Auch in den benachbarten Kreisen haben die Männer die Nase deutlich vorne. Im Landkreis Emmendingen nennt die AOK 30 weibliche und 107 männliche Versicherte, im Kreis Breisgau-Hochschwarzwald 31 zu 122 und in Freiburg 77 zu 231 Versicherte. Allerdings: "In der Statistik erscheinen nur diejenigen, die nach einem Missbrauch auch tatsächlich medizinisch versorgt werden mussten", erklärt Tobias Rauber, Leiter des AOK-Kunden-Centers in Offenburg. "Das lässt keine Rückschlüsse auf die tatsächliche Zahl der Konsumenten zu", so Rauber. Das ließe sich allenfalls vermuten. Besonders alarmierend sind für ihn die steigenden Zahlen: In der Ortenau waren 2015 noch 224 Versicherte in ambulanter oder stationärer Versorgung, 2018 fiel die 300er-Marke, 2019 wurden schließlich 367 versorgte Versicherte gezählt. Von 2015 bis 2019 sind die Behandlungen wegen Hasch-Konsums von AOK-Versicherten im Ortenaukreis im Schnitt um jährlich 8,7 Prozent gestiegen, in Baden-Württemberg um 7,8 Prozent.
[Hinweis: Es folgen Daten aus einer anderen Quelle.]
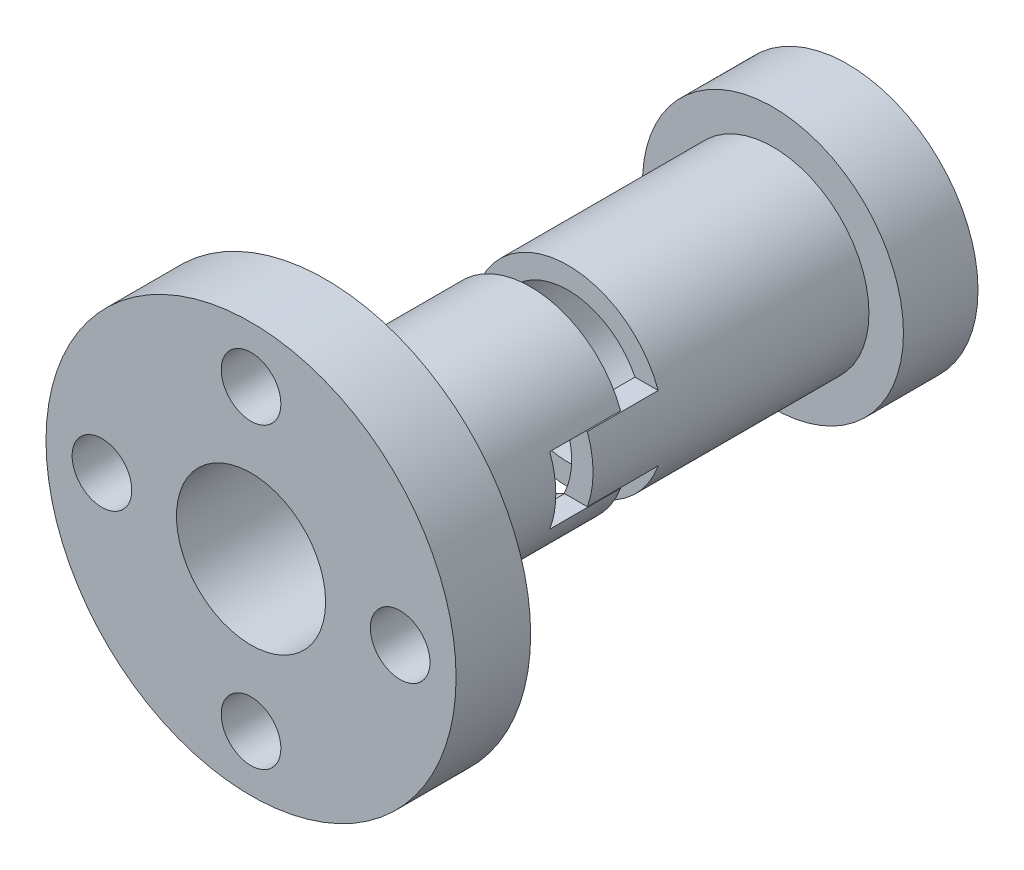
SolidWorks part; units mm, degrees
material "Bronce comercial, UNS C22000 (90-10 bronce)"
ref_plane "Front Plane" through (0, 0, 0) normal (0, 0, 1) x (1, 0, 0)
ref_plane "Top Plane" through (0, 0, 0) normal (0, 1, 0) x (1, 0, 0)
ref_plane "Right Plane" through (0, 0, 0) normal (1, 0, 0) x (0, 0, -1)
sketch "Croquis1" plane through (0, 0, 0) normal (1, 0, 0) x (0, 0, -1)
  line L0 (0, 4) -> (0, 11)
  line L1 (0, 11) -> (4, 11)
  line L2 (4, 11) -> (4, 5.15)
  line L3 (4, 5.15) -> (28, 5.15)
  line L5 (32, 4) -> (0, 4)
  line L6 (0, 0) -> (15, 0) construction
  line L7 (28, 5.15) -> (28, 7)
  line L8 (28, 7) -> (32, 7)
  line L9 (32, 7) -> (32, 4)
  dimension "D1" = 4
  dimension "D2" = 11
  dimension "D3" = 5.15
  dimension "D4" = 4
  dimension "D5" = 32
  dimension "D6" = 4
  dimension "D7" = 7
revolve "Revolución1" add sketch "Croquis1" angle 360 about L6
hole_wizard "Taladro de margen para M31" positions "Croquis2" profile "Croquis3" hole size "M3" standard "ISO"
sketch "Croquis2" plane through (0, 0, 0) normal (0, 0, 1) x (1, 0, 0)
  point P0 (8, 0)
  dimension "D1" = 8
sketch "Croquis3" plane through (8, 0, 0) normal (1, 0, 0) x (0, -1, 0)
  line L0 (0, 0) -> (0, 8.6)
  line L1 (0, 8.6) -> (1.6, 7)
  line L2 (1.6, 7) -> (1.6, 0)
  line L5 (1.6, 0) -> (0, 0)
  line L10 (0, 8.6) -> (-1.6, 7) construction
  line L11 (0, -6.35) -> (0, 107.95) construction
  dimension "Diámetro de taladro" = 3.2
  dimension "Profundidad de taladro" = 7
  dimension "Ángulo de perforador" = 90
pattern_circular "MatrizC1" count 4 over 360 about axis through (0, 0, 0) along (0, 0, -1) of "Taladro de margen para M31" reverse direction yes
sketch "Croquis4" plane through (0, 0, 0) normal (1, 0, 0) x (0, 0, -1)
  line L1 (11.2, -1.8) -> (15, -1.8)
  line L2 (11.2, -1.8) -> (11.2, 1.8)
  line L3 (11.2, 1.8) -> (15, 1.8)
  line L7 (15, 1.8) -> (15, 5.15)
  line L8 (28, 5.15) -> (4, 5.15) construction
  line L9 (15, 5.15) -> (17, 5.15)
  line L10 (17, 5.15) -> (17, 1.75)
  line L11 (17, 1.75) -> (13.2, 1.75)
  line L12 (13.2, 1.75) -> (13.2, -1.75)
  line L13 (13.2, -1.75) -> (17, -1.75)
  line L14 (17, -1.75) -> (17, -5.15)
  line L15 (17, -5.15) -> (15, -5.15)
  line L16 (15, -5.15) -> (15, -1.8)
  point P0 (11.2, 0)
  point P5 (13.2, 0)
  dimension "D3" = 10.3
  dimension "D1" = 3.6
  dimension "D2" = 3.8
  dimension "D4" = 2
  dimension "D5" = 3.5
  dimension "D6" = 15
  dimension "D7" = 2
extrude "Cortar-Extruir1" cut sketch "Croquis4" against normal through all and the other way through all

Der Cannabis-Konsum ist nach wie vor auch ein Politikum: Kurz vor der Bundestagswahl positionieren sich etwa einige Parteien zum Thema Legalisierung, obwohl sich zahlreiche Mediziner dagegen aussprechen. "Welche Wirkungen der Konsum von Cannabis ausübt und wie stark diese sind, hängen von mehreren Faktoren", erklärt AOK-Mediziner Hans-Peter Zipp.

Abhängigkeitspotenzial gleichauf mit Alkohol

"Neben einer entspannenden und stimmungsaufhellenden Wirkung können sich auch unangenehme Auswirkungen bemerkbar machen, wie Unruhe, niedergedrückte Stimmung aber auch Angststörungen und Depressivität", so der Mediziner. Cannabis berge zudem ein erhöhtes Risiko für die Atmung und das Herz und Gefäßsystem betreffende Symptome bis hin zum Kreislaufkollaps, so die AOK. Auch würden vermehrt Halluzinationen, Schizophrenie und psychotische Episoden bei chronischen Konsumenten beobachtet.

Auf einer entsprechenden Skala zum Abhängigkeitspotenzial läge Hanf ungefähr vergleichbar mit Alkohol und Nikotin. Oft werde eine Abhängigkeit auch von einer allgemeinen Rückzugstendenz bis hin zur sozialen Isolation begleitet – ein Aspekt, der gerade in Corona-Zeiten besondere Brisanz bekommt. Studien aus Kanada und den Niederlanden zeigten etwa, dass sich Menschen im Lockdown häufiger einsam fühlen, sich langweilen und insbesondere bereits Cannabis-Konsumenten häufiger zum Joint greifen als vor der Pandemie, so die AOK.

Hilfesuchenden stehen das Team des Sozialen Dienstes der AOK Südlicher Oberrhein sowie die Suchtberatungsstellen zur Seite. Vanessa Krässig von der AOK bietet Beratung und vermittelt auch Selbsthilfegruppen unter Telefon 07821/92 81 36. Die Kontaktdaten der Suchtberatungsstellen finden sich auf der Webseite suchthilfenetzwerk.ortenaukreis.de. Das Netzwerk ist ein Zusammenschluss aller Einrichtungen, Institutionen und Gruppen im Ortenaukreis. Auf der Seite finden sich auch Infos zu den Themenschwerpunkten Sucht im Alter, Alkohol und Glücksspiel.